We searched the trials registers of the Cochrane Stroke Group (last searched October 2007) and the Cochrane Depression Anxiety and Neurosis Group (last searched February 2008). In addition, we searched the Cochrane Central Register of Controlled Trials (The Cochrane Library, Issue 1, 2008), MEDLINE (1966 to May 2006), EMBASE (1980 to May 2006), CINAHL (1982 to May 2006), PsycINFO (1967 to May 2006) and other databases. We also searched reference lists, clinical trials registers, conference proceedings and dissertation abstracts, and contacted authors, researchers and pharmaceutical companies.

Selection criteria

Randomised controlled trials comparing pharmaceutical agents with placebo, or various forms of psychotherapy or ECT with standard care (or attention control), in patients with stroke, with the intention of treating depression.

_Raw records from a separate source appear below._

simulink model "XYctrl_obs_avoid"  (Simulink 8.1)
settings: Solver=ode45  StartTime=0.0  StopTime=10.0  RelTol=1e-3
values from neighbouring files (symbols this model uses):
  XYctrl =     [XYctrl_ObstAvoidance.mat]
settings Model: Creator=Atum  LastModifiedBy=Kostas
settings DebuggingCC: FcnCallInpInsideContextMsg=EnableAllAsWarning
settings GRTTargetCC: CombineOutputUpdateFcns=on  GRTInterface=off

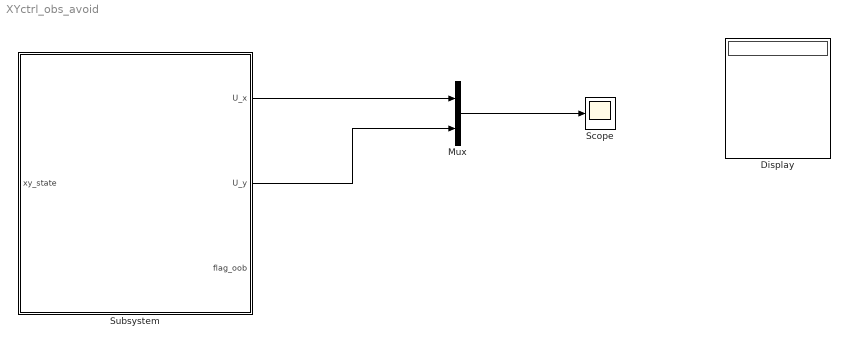
== system XYctrl_obs_avoid ==
  Display : Display
  Mux : Mux  Inputs=2
  Scope : Scope
      settings: SaveName=Uxy
  Subsystem : Subsystem
  wires:
  Subsystem/1(U_x) -> Mux/1
  Subsystem/2(U_y) -> Mux/2
  Mux/1 -> Scope/1
  ? -> Subsystem/1(xy_state)

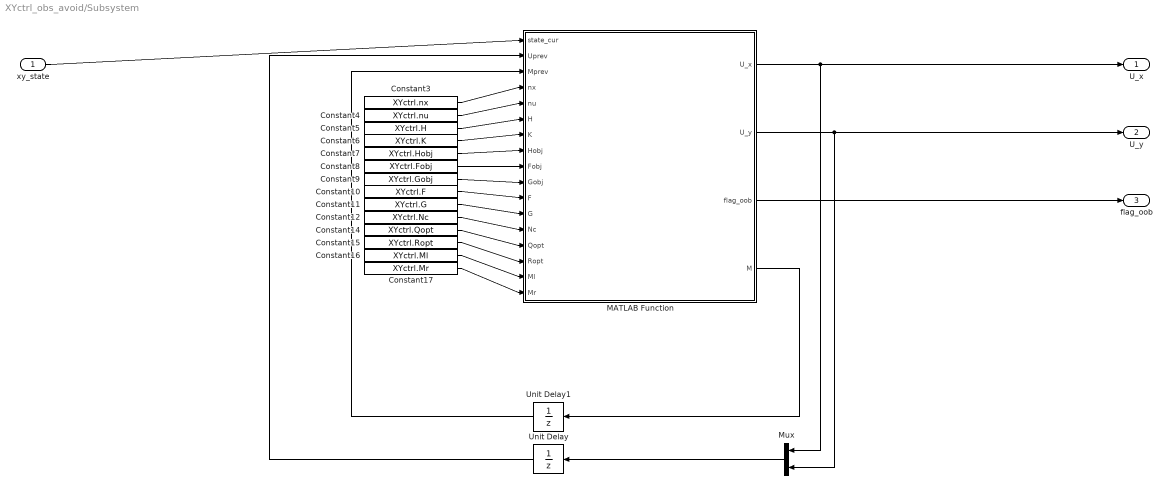
== system XYctrl_obs_avoid/Subsystem ==
  xy_state : Inport
  Constant10 : Constant  Value=XYctrl.F  VectorParams1D=off
  Constant11 : Constant  Value=XYctrl.G  VectorParams1D=off
  Constant12 : Constant  Value=XYctrl.Nc  VectorParams1D=off
  Constant14 : Constant  Value=XYctrl.Qopt  VectorParams1D=off
  Constant15 : Constant  Value=XYctrl.Ropt  VectorParams1D=off
  Constant16 : Constant  Value=XYctrl.Ml  VectorParams1D=off
  Constant17 : Constant  Value=XYctrl.Mr  VectorParams1D=off
  Constant3 : Constant  Value=XYctrl.nx  VectorParams1D=off
  Constant4 : Constant  Value=XYctrl.nu  VectorParams1D=off
  Constant5 : Constant  Value=XYctrl.H  VectorParams1D=off
  Constant6 : Constant  Value=XYctrl.K  VectorParams1D=off
  Constant7 : Constant  Value=XYctrl.Hobj  VectorParams1D=off
  Constant8 : Constant  Value=XYctrl.Fobj  VectorParams1D=off
  Constant9 : Constant  Value=XYctrl.Gobj  VectorParams1D=off
  MATLAB Function : MATLAB Function  TreatAsAtomicUnit=on
  Mux : Mux  Inputs=2
  Unit Delay : UnitDelay  InitialCondition=[0 0]  SampleTime=-1
  Unit Delay1 : UnitDelay  InitialCondition=1  SampleTime=-1
  U_x : Outport
  U_y : Outport  Port=2
  flag_oob : Outport  Port=3
  wires:
  Constant3/1 -> MATLAB Function/4(nx)
  MATLAB Function/4(M) -> Unit Delay1/1
  Constant4/1 -> MATLAB Function/5(nu)
  Constant5/1 -> MATLAB Function/6(H)
  Constant6/1 -> MATLAB Function/7(K)
  Constant7/1 -> MATLAB Function/8(Hobj)
  Constant8/1 -> MATLAB Function/9(Fobj)
  Constant9/1 -> MATLAB Function/10(Gobj)
  Constant10/1 -> MATLAB Function/11(F)
  Constant11/1 -> MATLAB Function/12(G)
  Constant12/1 -> MATLAB Function/13(Nc)
  Constant14/1 -> MATLAB Function/14(Qopt)
  Constant15/1 -> MATLAB Function/15(Ropt)
  Constant16/1 -> MATLAB Function/16(Ml)
  Constant17/1 -> MATLAB Function/17(Mr)
  xy_state/1 -> MATLAB Function/1(state_cur)
  Mux/1 -> Unit Delay/1
  MATLAB Function/1(U_x) -> Mux/1, U_x/1
  MATLAB Function/2(U_y) -> Mux/2, U_y/1
  Unit Delay/1 -> MATLAB Function/2(Uprev)
  Unit Delay1/1 -> MATLAB Function/3(Mprev)
  MATLAB Function/3(flag_oob) -> flag_oob/1

== matlab function Subsystem/MATLAB Function ==
  data: state_cur input double; U_x output double; Uprev input double; Mprev input double; nx input double; nu input double; H input double; K input double; Hobj input double; Fobj input double; Gobj input double; F input double; G input double; Nc input double; Qopt input double; Ropt input double; Ml input double; Mr input double; U_y output double; flag_oob output double; M output double
function [U_x,U_y,flag_oob,M] = fcn(state_cur,Uprev,Mprev,nx,nu,H,K,Hobj,Fobj,Gobj,F,G,Nc,Qopt,Ropt,Ml,Mr)
%#codegen

[U,flag_oob,M] = OptimalMPCInputExportC_vP(state_cur,Uprev,Mprev,nx,nu,H,K,Hobj,Fobj,Gobj,F,G,Nc,Qopt,Ropt,Ml,Mr)

U_x = U(1);
U_y = U(2);

end

Data collection and analysis

Two review authors selected trials for inclusion and assessed methodological quality; three review authors extracted, cross-checked and entered data. Primary analyses were the prevalence of diagnosable depressive disorder at the end of treatment. Secondary outcomes included depression scores on standard scales, physical function, death, recurrent stroke and adverse effects.

Main results

Sixteen trials (17 interventions), with 1655 participants, were included in the review. Data were available for 13 pharmaceutical agents, and four trials of psychotherapy. There were no trials of ECT. The analyses were complicated by the lack of standardised diagnostic and outcome criteria, and differing analytic methods. There was some evidence of benefit of pharmacotherapy in terms of a complete remission of depression and a reduction (improvement) in scores on depression rating scales, but there was also evidence of an associated increase in adverse events. There was no evidence of benefit of psychotherapy.

Authors' conclusions

A small but significant effect of pharmacotherapy (not psychotherapy) on treating depression and reducing depressive symptoms was found, as was a significant increase in adverse events. More research is required before recommendations can be made about the routine use of such treatments.


Plain language summary

  1. Top of page
  2. Abstract
  3. Plain language summary
  4. 摘要

Interventions for treating depression after stroke

Antidepressant drugs may be useful in treating depression after stroke, but also cause side effects. Depression is common after stroke and may be treated with antidepressant medication or psychological therapy. This review of 16 trials, including 1655 participants, found that antidepressant drugs may produce recovery or improve depression symptoms. However they also increase side effects. These drugs should be used with caution in people with persistent depressive symptoms after stroke, as little is known about the risks, especially of seizures, falls, and delirium. We found no evidence for the benefit of psychotherapy. Future research should include a broader group of stroke patients.



  1. Top of page
  2. Abstract
  3. Plain language summary
  4. 摘要







我們搜查了the trials registers of the Cochrane Stroke Group (搜尋至2007年10月)以及 the Cochrane Depression Anxiety and Neurosis Group (搜尋至2008年2月)。此外,我們搜尋了Cochrane Central Register of Controlled Trials (The Cochrane Library,2008年第1期)、 MEDLINE (1966年至2006年5月)、EMBASE (1980年至2006年5月)CINAHL (1982年至2006年5月)、PsycINFO (1967年至2006年5月)以及其他資料庫。我們還搜尋參考文獻、臨床試驗資料庫、研討會摘要手冊及論文摘要,並聯絡作者、研究者與藥廠。


比較不同種類的藥劑與安慰劑,或各種心理治療或ETC加上標準照護(或注意力控制)的隨機對照試驗(randomised controlled trials)於中風病人且具有明確治療憂鬱症的意向者。









此翻譯計畫由臺灣國家衛生研究院(National Health Research Institutes, Taiwan)統籌。